Оле задержал дыхание: разговор продолжался. То приглушенный, то громкий.
«Я могу прямо отсюда оленьим шприцем вогнать в него яд, — сказал Пуддер. — Одна секунда — и он мертв…»
Оле в то же мгновение представил себе длинный, с толстой иглой ветеринарный шприц и с диким воем кинулся на другую половину палатки.
Товарищи, просыпаясь, заворчали. Семен Кикиру протер глаза и крикнул:
— Ты что?
— Они там! — громким шепотом сказал Оле. — На улице.
— Кто они? — не понимал Кикиру.
— Глазной доктор и Зина! Они хотят меня убить.
Семен Кикиру был человек молодой и малоопытный. Он сам испугался. И тех слов, что сказал Оле, и самого его вида.
— Этого не может быть! — несмело сказал он и выглянул из палатки. — Никого нет!
Тогда Оле сам отогнул край брезентового клапана: там было пусто. Синий рассвет бледнел, превращаясь в день.
— Может быть, тебе приснилось? — предположил Кикиру.
«Мы все видим и все слышим, — вдруг снова услышал Оле. На этот раз голос доносился из будильника, что стоял на пустом ящике из-под болгарского вина «Старый замок». — С помощью маленькой телевизионной камеры мы наблюдаем за тобой…»
Оле схватил будильник и грохнул его оземь.
— Ты что? — удивился Кикиру, с ужасом глядя на товарища.
— Они уже в будильнике! — затравленно ответил Оле.
Кикиру сообразил, в чем дело. Он читал об этой болезни в брошюрке, которую ему дали в медпункте.

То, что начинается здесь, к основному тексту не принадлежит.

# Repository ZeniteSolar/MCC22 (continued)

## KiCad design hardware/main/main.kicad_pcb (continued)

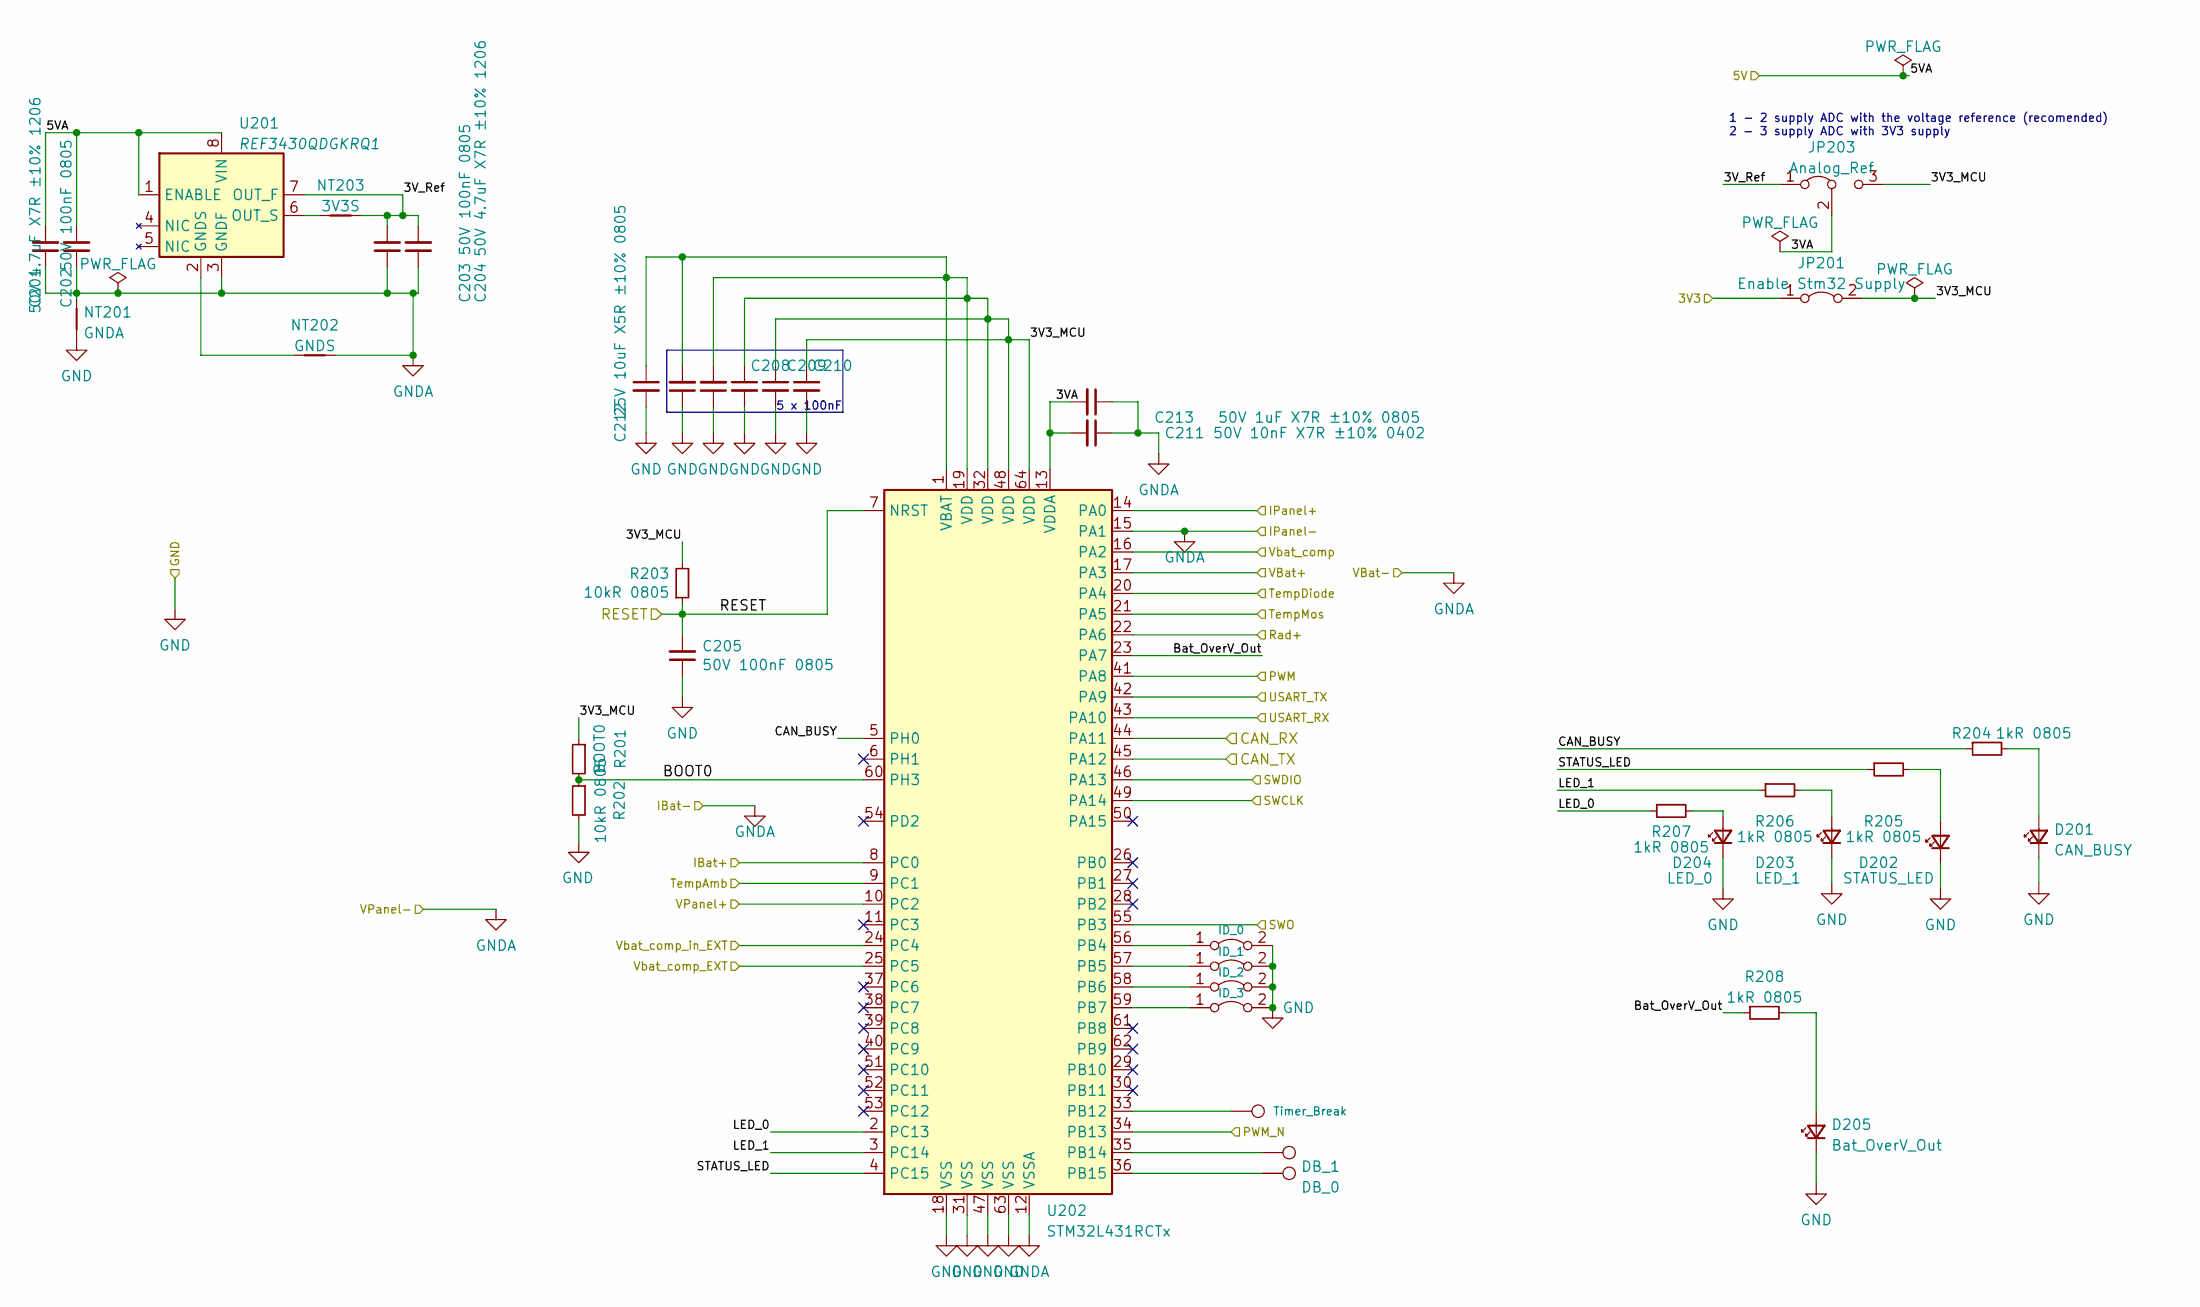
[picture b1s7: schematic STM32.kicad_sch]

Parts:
C201, C204: 50V 4.7uF X7R ±10% 1206; C_1206_3216Metric_Pad1.33x1.80mm_HandSolder
C202, C203, C205, C206, C207: 50V 100nF 0805; C_0805_2012Metric_Pad1.18x1.45mm_HandSolder
C208, C209, C210: 50V 100nF X7R ±10% 0402; C_0402_1005Metric_Pad0.74x0.62mm_HandSolder
C211: 50V 10nF X7R ±10% 0402; C_0402_1005Metric_Pad0.74x0.62mm_HandSolder
C212: 25V 10uF X5R ±10% 0805; C_0805_2012Metric_Pad1.18x1.45mm_HandSolder
C213: 50V 1uF X7R ±10% 0805; C_0805_2012Metric_Pad1.18x1.45mm_HandSolder
D201: CAN_BUSY; LED_0805_2012Metric_Pad1.15x1.40mm_HandSolder
D202: STATUS_LED; LED_0805_2012Metric_Pad1.15x1.40mm_HandSolder
D203: LED_1; LED_0805_2012Metric_Pad1.15x1.40mm_HandSolder
D204: LED_0; LED_0805_2012Metric_Pad1.15x1.40mm_HandSolder
D205: Bat_OverV_Out; LED_0805_2012Metric_Pad1.15x1.40mm_HandSolder
JP201: Enable Stm32 Supply; SolderJumper-2_P0.5mm_Open_TrianglePad0.8x0.5mm
JP203: Analog_Ref; SolderJumper-3_P0.5mm_Open_TrianglePad0.8x0.5mm
JP204: ID_0; SolderJumper-2_P0.5mm_Open_TrianglePad0.8x0.5mm
JP205: ID_1; SolderJumper-2_P0.5mm_Open_TrianglePad0.8x0.5mm
JP206: ID_2; SolderJumper-2_P0.5mm_Open_TrianglePad0.8x0.5mm
JP207: ID_3; SolderJumper-2_P0.5mm_Open_TrianglePad0.8x0.5mm
NT201: GNDA; NetTie-2_SMD_Pad0.3mm
NT202: GNDS; NetTie-2_SMD_Pad0.3mm
NT203: 3V3S; NetTie-2_SMD_Pad0.3mm
R201: BOOT0; R_0402_1005Metric
R202, R203: 10kR 0805; R_0805_2012Metric_Pad1.20x1.40mm_HandSolder
R204, R205, R206, R207, R208: 1kR 0805; R_0805_2012Metric_Pad1.20x1.40mm_HandSolder
TP201: DB_0; TestPoint_Pad_1.0x1.0mm_small
TP202: DB_1; TestPoint_Pad_1.0x1.0mm_small
TP203: Timer_Break; TestPoint_Pad_1.0x1.0mm_small
U201: REF3430QDGKRQ1; VSSOP-8_3.0x3.0mm_P0.65mm
U202: STM32L431RCTx; LQFP-64_10x10mm_P0.5mm

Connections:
/3V3_STM: JP201.1 (A); also elsewhere on the board
/5V_STM: C201.2, C202.2, U201.1 (ENABLE), U201.8 (VIN); also elsewhere on the board
/Analog/I_bat_adc+: U202.8 (PC0); also elsewhere on the board
/Analog/I_panel_adc+: U202.14 (PA0); also elsewhere on the board
/Analog/V_Rad: U202.22 (PA6); also elsewhere on the board
/Analog/V_bat_adc+: U202.17 (PA3); also elsewhere on the board
/Analog/V_panel_adc+: U202.10 (PC2); also elsewhere on the board
/Analog/V_temp_amb: U202.9 (PC1); also elsewhere on the board
/Analog/V_temp_diode: U202.20 (PA4); also elsewhere on the board
/Analog/V_temp_mos: U202.21 (PA5); also elsewhere on the board
/Analog/Vbat_comp: U202.16 (PA2); also elsewhere on the board
/Analog/Vbat_comp_EXT: U202.25 (PC5); also elsewhere on the board
/Analog/Vbat_comp_in_EXT: U202.24 (PC4); also elsewhere on the board
/PWM: U202.41 (PA8); also elsewhere on the board
/RESET: C205.2, R203.1, U202.7 (NRST); also elsewhere on the board
/STM32/3V3_MCU: C206.2, C207.2, C208.1, C209.1, C210.1, C212.1, JP201.2 (B), JP203.3 (B), R201.1, R203.2, U202.1 (VBAT), U202.19 (VDD), U202.32 (VDD), U202.48 (VDD), U202.64 (VDD)
/STM32/3VA: C211.2, C213.2, JP203.2 (C), U202.13 (VDDA)
/STM32/3V_Ref: C203.2, C204.2, JP203.1 (A), NT203.1, U201.7 (OUT_F)
/STM32/BOOT0: R201.2, R202.1, U202.60 (PH3)
/STM32/Bat_OverV_Out: R208.1, U202.23 (PA7)
/STM32/CAN_BUSY: R204.1, U202.5 (PH0)
/STM32/CAN_RX: U202.44 (PA11); also elsewhere on the board
/STM32/CAN_TX: U202.45 (PA12); also elsewhere on the board
/STM32/LED_0: R207.1, U202.2 (PC13)
/STM32/LED_1: R206.1, U202.3 (PC14)
/STM32/PWM_N: U202.34 (PB13)
/STM32/STATUS_LED: R205.1, U202.4 (PC15)
/SWCLK: U202.49 (PA14); also elsewhere on the board
/SWDIO: U202.46 (PA13); also elsewhere on the board
/SWO: U202.55 (PB3); also elsewhere on the board
/USART_RX: U202.43 (PA10); also elsewhere on the board
/USART_TX: U202.42 (PA9); also elsewhere on the board
GND: C205.1, C206.1, C207.1, C208.2, C209.2, C210.2, C212.2, D201.1 (K), D202.1 (K), D203.1 (K), D204.1 (K), D205.1 (K), JP204.2 (B), JP205.2 (B), JP206.2 (B), JP207.2 (B), NT201.2, R202.2, U202.18 (VSS), U202.31 (VSS), U202.47 (VSS), U202.63 (VSS); also elsewhere on the board
GNDA: C201.1, C202.1, C203.1, C204.1, C211.1, C213.1, NT201.1, NT202.1, U201.3 (GNDF), U202.12 (VSSA), U202.15 (PA1); also elsewhere on the board
unnamed: D201.2 (A), R204.2
unnamed: D202.2 (A), R205.2
unnamed: D203.2 (A), R206.2
unnamed: D204.2 (A), R207.2
unnamed: D205.2 (A), R208.2
unnamed: JP204.1 (A), U202.56 (PB4)
unnamed: JP205.1 (A), U202.57 (PB5)
unnamed: JP206.1 (A), U202.58 (PB6)
unnamed: JP207.1 (A), U202.59 (PB7)
unnamed: NT202.2, U201.2 (GNDS)
unnamed: NT203.2, U201.6 (OUT_S)
unnamed: TP201.1, U202.36 (PB15)
unnamed: TP202.1, U202.35 (PB14)
unnamed: TP203.1, U202.33 (PB12)

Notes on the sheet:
1 - 2 supply ADC with the voltage reference (recomended) 2 - 3 supply ADC with 3V3 supply
5 x 100nF

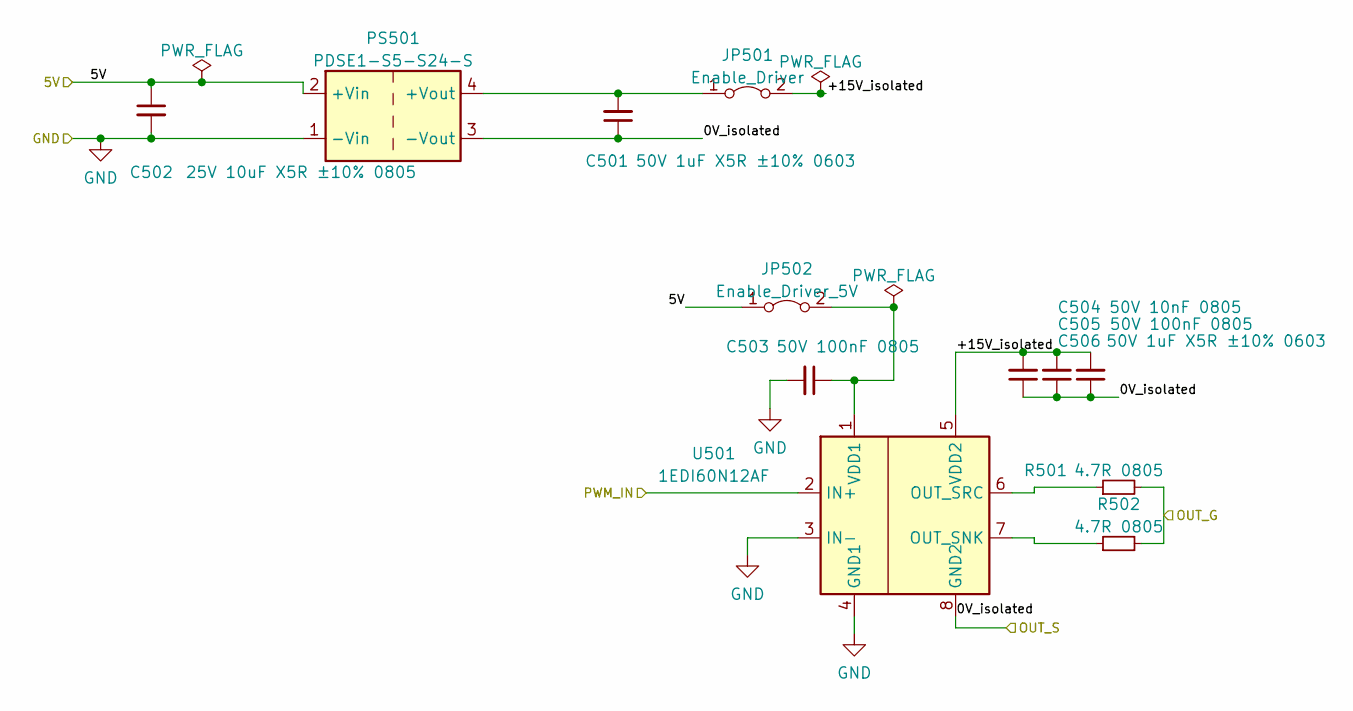
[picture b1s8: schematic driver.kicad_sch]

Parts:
C501, C506: 50V 1uF X5R ±10% 0603; C_0603_1608Metric_Pad1.08x0.95mm_HandSolder
C502: 25V 10uF X5R ±10% 0805; C_0805_2012Metric_Pad1.18x1.45mm_HandSolder
C503, C505: 50V 100nF 0805; C_0805_2012Metric_Pad1.18x1.45mm_HandSolder
C504: 50V 10nF 0805; C_0805_2012Metric_Pad1.18x1.45mm_HandSolder
JP501: Enable_Driver; SolderJumper-2_P0.5mm_Open_TrianglePad0.8x0.5mm
JP502: Enable_Driver_5V; SolderJumper-2_P0.5mm_Open_TrianglePad0.8x0.5mm
PS501: PDSE1-S5-S24-S; Converter_DCDC_Murata_MEE3SxxxxSC_THT
R501, R502: 4.7R 0805; R_0805_2012Metric_Pad1.20x1.40mm_HandSolder
U501: 1EDI60N12AF; SOIC-8_3.9x4.9mm_P1.27mm

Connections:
/5V_Driver: C502.1, JP502.1 (A), PS501.2 (+Vin); also elsewhere on the board
/Cuk/PWM_IN: U501.2 (IN+); also elsewhere on the board
/Cuk/S: C501.1, C504.1, C505.1, C506.1, PS501.3 (-Vout), U501.8 (GND2); also elsewhere on the board
/Cuk/driver/+15V_isolated: C504.2, C505.2, C506.2, JP501.2 (B), U501.5 (VDD2)
/Cuk/driver/OUT_G: R501.2, R502.2; also elsewhere on the board
GND: C502.2, C503.2, PS501.1 (-Vin), U501.3 (IN-), U501.4 (GND1); also elsewhere on the board
unnamed: C501.2, JP501.1 (A), PS501.4 (+Vout)
unnamed: C503.1, JP502.2 (B), U501.1 (VDD1)
unnamed: R501.1, U501.6 (OUT_SRC)
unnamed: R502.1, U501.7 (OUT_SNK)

Болезнь по-латыни называлась даже красиво — делириум тременс, а попросту — белая горячка, алкогольное сумасшествие.
Кикиру сказал об этом Оле. Но тот почти не слушал, огрызался на неслышные голоса. Он вынырнул из палатки и попытался бежать.
Вдали показался вездеход.
Оле рванулся из рук Кикиру и побежал на сопку.
Он мчался так, что потребовалось несколько часов, чтобы его догнать на вездеходе и скрутить.
В больнице его встретил спокойный, добродушный врач, совсем не похожий на доктора Пуддера. После укола Оле заснул. Когда он проснулся, ему больше не чудились голоса.
Оле вышел из больницы с твердым намерением никогда больше не прикасаться к бутылке.
Возвратившись в село, он вычистил свой заброшенный домик, затопил плиту, согрел комнату и позвал в гости Надежду.
— Если хочешь, можешь жить со мной.
— Я живу в интернате, — ответила Надя. — Буду приходить к тебе в гости и помогать тебе. Я про твою болезнь все знаю и жалею тебя.
От этих слов в носу у Оле защекотало, и он чуть не расплакался.
Иногда Оле встречался с Зиной, но делал вид, что не обращает на нее внимания, хотя каждый раз после такой встречи на сердце было муторно. Вспоминалась их первая весна. С теперешним мужем ее, Ароном Калей, Оле был подчеркнуто вежлив и сух.